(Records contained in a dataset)
=== Section Start ===
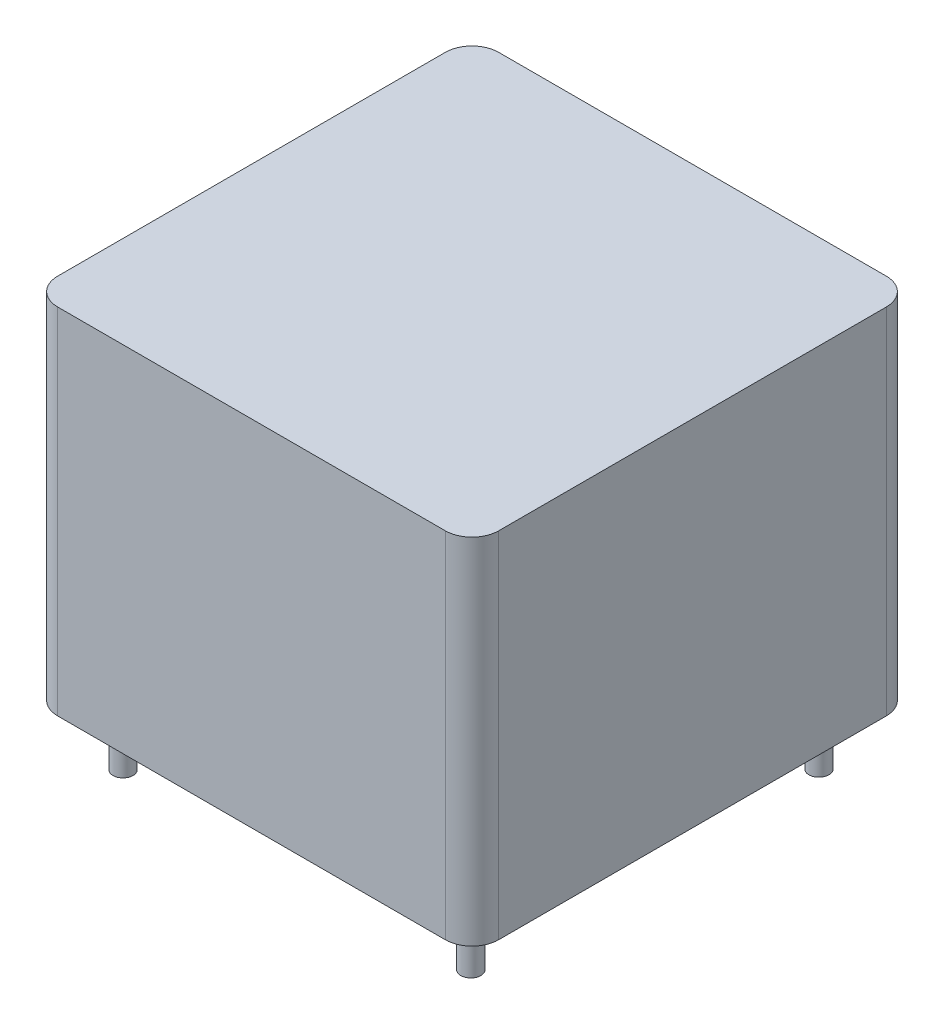
ISO-10303-21;
HEADER;
FILE_DESCRIPTION(('STEP AP214'),'2;1');
FILE_NAME('part.step','',(''),(''),'','','');
FILE_SCHEMA(('AUTOMOTIVE_DESIGN { 1 0 10303 214 1 1 1 1 }'));
ENDSEC;
DATA;
#1=APPLICATION_CONTEXT('core data for automotive mechanical design processes');
#2=APPLICATION_PROTOCOL_DEFINITION('international standard','automotive_design',2000,#1);
#3=PRODUCT_CONTEXT('',#1,'mechanical');
#4=PRODUCT('Part','Part','',(#3));
#5=PRODUCT_RELATED_PRODUCT_CATEGORY('part','',(#4));
#6=PRODUCT_DEFINITION_FORMATION('','',#4);
#7=PRODUCT_DEFINITION_CONTEXT('part definition',#1,'design');
#8=PRODUCT_DEFINITION('design','',#6,#7);
#9=PRODUCT_DEFINITION_SHAPE('','',#8);
#10=(LENGTH_UNIT() NAMED_UNIT(*) SI_UNIT(.MILLI.,.METRE.));
#11=(NAMED_UNIT(*) PLANE_ANGLE_UNIT() SI_UNIT($,.RADIAN.));
#12=(NAMED_UNIT(*) SI_UNIT($,.STERADIAN.) SOLID_ANGLE_UNIT());
#13=UNCERTAINTY_MEASURE_WITH_UNIT(LENGTH_MEASURE(1.E-05),#10,'distance_accuracy_value','');
#14=(GEOMETRIC_REPRESENTATION_CONTEXT(3) GLOBAL_UNCERTAINTY_ASSIGNED_CONTEXT((#13)) GLOBAL_UNIT_ASSIGNED_CONTEXT((#10,
#11,#12)) REPRESENTATION_CONTEXT('',''));
#15=CARTESIAN_POINT('',(0.,0.,0.));
#16=DIRECTION('',(0.,0.,1.));
#17=DIRECTION('',(1.,0.,0.));
#18=AXIS2_PLACEMENT_3D('',#15,#16,#17);
#19=CARTESIAN_POINT('',(0.,0.,0.));
#20=DIRECTION('',(0.,1.,0.));
#21=DIRECTION('',(0.,0.,1.));
#22=AXIS2_PLACEMENT_3D('',#19,#20,#21);
#23=PLANE('',#22);
#24=CARTESIAN_POINT('',(-15.4861925817402,0.,-28.7497144848234));
#25=DIRECTION('',(0.,1.,0.));
#26=DIRECTION('',(0.,0.,1.));
#27=AXIS2_PLACEMENT_3D('',#24,#25,#26);
#28=CIRCLE('',#27,1.5);
#29=CARTESIAN_POINT('',(-15.4861925817402,0.,-27.2497144848234));
#30=VERTEX_POINT('',#29);
#31=EDGE_CURVE('E12',#30,#30,#28,.F.);
#32=ORIENTED_EDGE('',*,*,#31,.F.);
#33=EDGE_LOOP('',(#32));
#34=FACE_BOUND('',#33,.T.);
#35=CARTESIAN_POINT('',(36.443385973789,0.,-28.7548469949988));
#36=DIRECTION('',(0.,1.,0.));
#37=DIRECTION('',(0.,0.,1.));
#38=AXIS2_PLACEMENT_3D('',#35,#36,#37);
#39=CIRCLE('',#38,1.5);
#40=CARTESIAN_POINT('',(36.443385973789,0.,-27.2548469949988));
#41=VERTEX_POINT('',#40);
#42=EDGE_CURVE('E73',#41,#41,#39,.F.);
#43=ORIENTED_EDGE('',*,*,#42,.F.);
#44=EDGE_LOOP('',(#43));
#45=FACE_BOUND('',#44,.T.);
#46=CARTESIAN_POINT('',(36.4185541223803,0.,23.3112749532062));
#47=DIRECTION('',(0.,1.,0.));
#48=DIRECTION('',(0.,0.,1.));
#49=AXIS2_PLACEMENT_3D('',#46,#47,#48);
#50=CIRCLE('',#49,1.5);
#51=CARTESIAN_POINT('',(36.4185541223803,0.,24.8112749532062));
#52=VERTEX_POINT('',#51);
#53=EDGE_CURVE('E319',#52,#52,#50,.F.);
#54=ORIENTED_EDGE('',*,*,#53,.F.);
#55=EDGE_LOOP('',(#54));
#56=FACE_BOUND('',#55,.T.);
#57=CARTESIAN_POINT('',(-15.5268571428572,0.,23.4071279985881));
#58=DIRECTION('',(0.,1.,0.));
#59=DIRECTION('',(0.,0.,1.));
#60=AXIS2_PLACEMENT_3D('',#57,#58,#59);
#61=CIRCLE('',#60,1.5);
#62=CARTESIAN_POINT('',(-15.5268571428572,0.,24.9071279985881));
#63=VERTEX_POINT('',#62);
#64=EDGE_CURVE('E316',#63,#63,#61,.F.);
#65=ORIENTED_EDGE('',*,*,#64,.F.);
#66=EDGE_LOOP('',(#65));
#67=FACE_BOUND('',#66,.T.);
#68=DIRECTION('',(0.,0.,-1.));
#69=VECTOR('',#68,1.);
#70=CARTESIAN_POINT('',(40.6071428571428,0.,-32.6785714285714));
#71=LINE('',#70,#69);
#72=CARTESIAN_POINT('',(40.6071428571428,0.,19.3214285714286));
#73=VERTEX_POINT('',#72);
#74=CARTESIAN_POINT('',(40.6071428571428,0.,-24.6785714285714));
#75=VERTEX_POINT('',#74);
#76=EDGE_CURVE('E339',#73,#75,#71,.T.);
#77=ORIENTED_EDGE('',*,*,#76,.T.);
#78=DIRECTION('',(-1.,0.,0.));
#79=VECTOR('',#78,1.);
#80=CARTESIAN_POINT('',(32.6071428571428,0.,-24.6785714285714));
#81=LINE('',#80,#79);
#82=CARTESIAN_POINT('',(32.6071428571428,0.,-24.6785714285714));
#83=VERTEX_POINT('',#82);
#84=EDGE_CURVE('E618',#75,#83,#81,.T.);
#85=ORIENTED_EDGE('',*,*,#84,.T.);
#86=DIRECTION('',(0.,0.,-1.));
#87=VECTOR('',#86,1.);
#88=CARTESIAN_POINT('',(32.6071428571428,0.,-32.6785714285714));
#89=LINE('',#88,#87);
#90=CARTESIAN_POINT('',(32.6071428571428,0.,-32.6785714285714));
#91=VERTEX_POINT('',#90);
#92=EDGE_CURVE('E250',#83,#91,#89,.T.);
#93=ORIENTED_EDGE('',*,*,#92,.T.);
#94=DIRECTION('',(-1.,0.,0.));
#95=VECTOR('',#94,1.);
#96=CARTESIAN_POINT('',(-19.3928571428572,0.,-32.6785714285713));
#97=LINE('',#96,#95);
#98=CARTESIAN_POINT('',(-11.3928571428572,0.,-32.6785714285714));
#99=VERTEX_POINT('',#98);
#100=EDGE_CURVE('E373',#91,#99,#97,.T.);
#101=ORIENTED_EDGE('',*,*,#100,.T.);
#102=DIRECTION('',(0.,0.,1.));
#103=VECTOR('',#102,1.);
#104=CARTESIAN_POINT('',(-11.3928571428572,0.,-24.6785714285714));
#105=LINE('',#104,#103);
#106=CARTESIAN_POINT('',(-11.3928571428572,0.,-24.6785714285714));
#107=VERTEX_POINT('',#106);
#108=EDGE_CURVE('E385',#99,#107,#105,.T.);
#109=ORIENTED_EDGE('',*,*,#108,.T.);
#110=DIRECTION('',(-1.,0.,0.));
#111=VECTOR('',#110,1.);
#112=CARTESIAN_POINT('',(-19.3928571428572,0.,-24.6785714285714));
#113=LINE('',#112,#111);
#114=CARTESIAN_POINT('',(-19.3928571428572,0.,-24.6785714285714));
#115=VERTEX_POINT('',#114);
#116=EDGE_CURVE('E395',#107,#115,#113,.T.);
#117=ORIENTED_EDGE('',*,*,#116,.T.);
#118=DIRECTION('',(0.,0.,1.));
#119=VECTOR('',#118,1.);
#120=CARTESIAN_POINT('',(-19.3928571428572,0.,-32.6785714285713));
#121=LINE('',#120,#119);
#122=CARTESIAN_POINT('',(-19.3928571428572,0.,19.3214285714286));
#123=VERTEX_POINT('',#122);
#124=EDGE_CURVE('E363',#115,#123,#121,.T.);
#125=ORIENTED_EDGE('',*,*,#124,.T.);
#126=DIRECTION('',(1.,0.,0.));
#127=VECTOR('',#126,1.);
#128=CARTESIAN_POINT('',(-11.3928571428572,0.,19.3214285714286));
#129=LINE('',#128,#127);
#130=CARTESIAN_POINT('',(-11.3928571428572,0.,19.3214285714286));
#131=VERTEX_POINT('',#130);
#132=EDGE_CURVE('E428',#123,#131,#129,.T.);
#133=ORIENTED_EDGE('',*,*,#132,.T.);
#134=DIRECTION('',(0.,0.,1.));
#135=VECTOR('',#134,1.);
#136=CARTESIAN_POINT('',(-11.3928571428572,0.,27.3214285714286));
#137=LINE('',#136,#135);
#138=CARTESIAN_POINT('',(-11.3928571428572,0.,27.3214285714286));
#139=VERTEX_POINT('',#138);
#140=EDGE_CURVE('E437',#131,#139,#137,.T.);
#141=ORIENTED_EDGE('',*,*,#140,.T.);
#142=DIRECTION('',(1.,0.,0.));
#143=VECTOR('',#142,1.);
#144=CARTESIAN_POINT('',(-19.3928571428572,0.,27.3214285714286));
#145=LINE('',#144,#143);
#146=CARTESIAN_POINT('',(32.6071428571428,0.,27.3214285714286));
#147=VERTEX_POINT('',#146);
#148=EDGE_CURVE('E379',#139,#147,#145,.T.);
#149=ORIENTED_EDGE('',*,*,#148,.T.);
#150=DIRECTION('',(0.,0.,-1.));
#151=VECTOR('',#150,1.);
#152=CARTESIAN_POINT('',(32.6071428571428,0.,27.3214285714286));
#153=LINE('',#152,#151);
#154=CARTESIAN_POINT('',(32.6071428571428,0.,19.3214285714286));
#155=VERTEX_POINT('',#154);
#156=EDGE_CURVE('E421',#147,#155,#153,.T.);
#157=ORIENTED_EDGE('',*,*,#156,.T.);
#158=DIRECTION('',(1.,0.,0.));
#159=VECTOR('',#158,1.);
#160=CARTESIAN_POINT('',(32.6071428571428,0.,19.3214285714286));
#161=LINE('',#160,#159);
#162=EDGE_CURVE('E412',#155,#73,#161,.T.);
#163=ORIENTED_EDGE('',*,*,#162,.T.);
#164=EDGE_LOOP('',(#77,#85,#93,#101,#109,#117,#125,#133,#141,#149,#157,#163));
#165=FACE_BOUND('',#164,.T.);
#166=DIRECTION('',(1.,0.,0.));
#167=VECTOR('',#166,1.);
#168=CARTESIAN_POINT('',(-19.3928571428572,0.,30.3214285714286));
#169=LINE('',#168,#167);
#170=CARTESIAN_POINT('',(-18.3928571428572,0.,30.3214285714286));
#171=VERTEX_POINT('',#170);
#172=CARTESIAN_POINT('',(39.6071428571428,0.,30.3214285714286));
#173=VERTEX_POINT('',#172);
#174=EDGE_CURVE('E271',#171,#173,#169,.T.);
#175=ORIENTED_EDGE('',*,*,#174,.F.);
#176=CARTESIAN_POINT('',(-18.3928571428572,0.,26.3214285714286));
#177=DIRECTION('',(0.,1.,0.));
#178=DIRECTION('',(0.,0.,1.));
#179=AXIS2_PLACEMENT_3D('',#176,#177,#178);
#180=CIRCLE('',#179,4.);
#181=CARTESIAN_POINT('',(-22.3928571428572,0.,26.3214285714286));
#182=VERTEX_POINT('',#181);
#183=EDGE_CURVE('E290',#171,#182,#180,.F.);
#184=ORIENTED_EDGE('',*,*,#183,.T.);
#185=DIRECTION('',(0.,0.,1.));
#186=VECTOR('',#185,1.);
#187=CARTESIAN_POINT('',(-22.3928571428572,0.,-32.6785714285713));
#188=LINE('',#187,#186);
#189=CARTESIAN_POINT('',(-22.3928571428572,0.,-31.6785714285713));
#190=VERTEX_POINT('',#189);
#191=EDGE_CURVE('E268',#190,#182,#188,.T.);
#192=ORIENTED_EDGE('',*,*,#191,.F.);
#193=CARTESIAN_POINT('',(-18.3928571428572,0.,-31.6785714285713));
#194=DIRECTION('',(0.,1.,0.));
#195=DIRECTION('',(0.,0.,1.));
#196=AXIS2_PLACEMENT_3D('',#193,#194,#195);
#197=CIRCLE('',#196,4.);
#198=CARTESIAN_POINT('',(-18.3928571428572,0.,-35.6785714285714));
#199=VERTEX_POINT('',#198);
#200=EDGE_CURVE('E284',#190,#199,#197,.F.);
#201=ORIENTED_EDGE('',*,*,#200,.T.);
#202=DIRECTION('',(-1.,0.,0.));
#203=VECTOR('',#202,1.);
#204=CARTESIAN_POINT('',(-19.3928571428572,0.,-35.6785714285714));
#205=LINE('',#204,#203);
#206=CARTESIAN_POINT('',(39.6071428571428,0.,-35.6785714285714));
#207=VERTEX_POINT('',#206);
#208=EDGE_CURVE('E277',#207,#199,#205,.T.);
#209=ORIENTED_EDGE('',*,*,#208,.F.);
#210=CARTESIAN_POINT('',(39.6071428571428,0.,-31.6785714285714));
#211=DIRECTION('',(0.,1.,0.));
#212=DIRECTION('',(0.,0.,1.));
#213=AXIS2_PLACEMENT_3D('',#210,#211,#212);
#214=CIRCLE('',#213,4.);
#215=CARTESIAN_POINT('',(43.6071428571428,0.,-31.6785714285714));
#216=VERTEX_POINT('',#215);
#217=EDGE_CURVE('E286',#207,#216,#214,.F.);
#218=ORIENTED_EDGE('',*,*,#217,.T.);
#219=DIRECTION('',(0.,0.,-1.));
#220=VECTOR('',#219,1.);
#221=CARTESIAN_POINT('',(43.6071428571428,0.,-32.6785714285714));
#222=LINE('',#221,#220);
#223=CARTESIAN_POINT('',(43.6071428571428,0.,26.3214285714286));
#224=VERTEX_POINT('',#223);
#225=EDGE_CURVE('E274',#224,#216,#222,.T.);
#226=ORIENTED_EDGE('',*,*,#225,.F.);
#227=CARTESIAN_POINT('',(39.6071428571428,0.,26.3214285714286));
#228=DIRECTION('',(0.,1.,0.));
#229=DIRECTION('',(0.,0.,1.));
=== Section End ===
> **WORK ITEM**: Write the lines out again exactly, from the one containing "#224=VERTEX_POINT('',#223);" through the last line of the records, and include no other lines.

> **YOUR SOLUTION**:
#224=VERTEX_POINT('',#223);
#225=EDGE_CURVE('E274',#224,#216,#222,.T.);
#226=ORIENTED_EDGE('',*,*,#225,.F.);
#227=CARTESIAN_POINT('',(39.6071428571428,0.,26.3214285714286));
#228=DIRECTION('',(0.,1.,0.));
#229=DIRECTION('',(0.,0.,1.));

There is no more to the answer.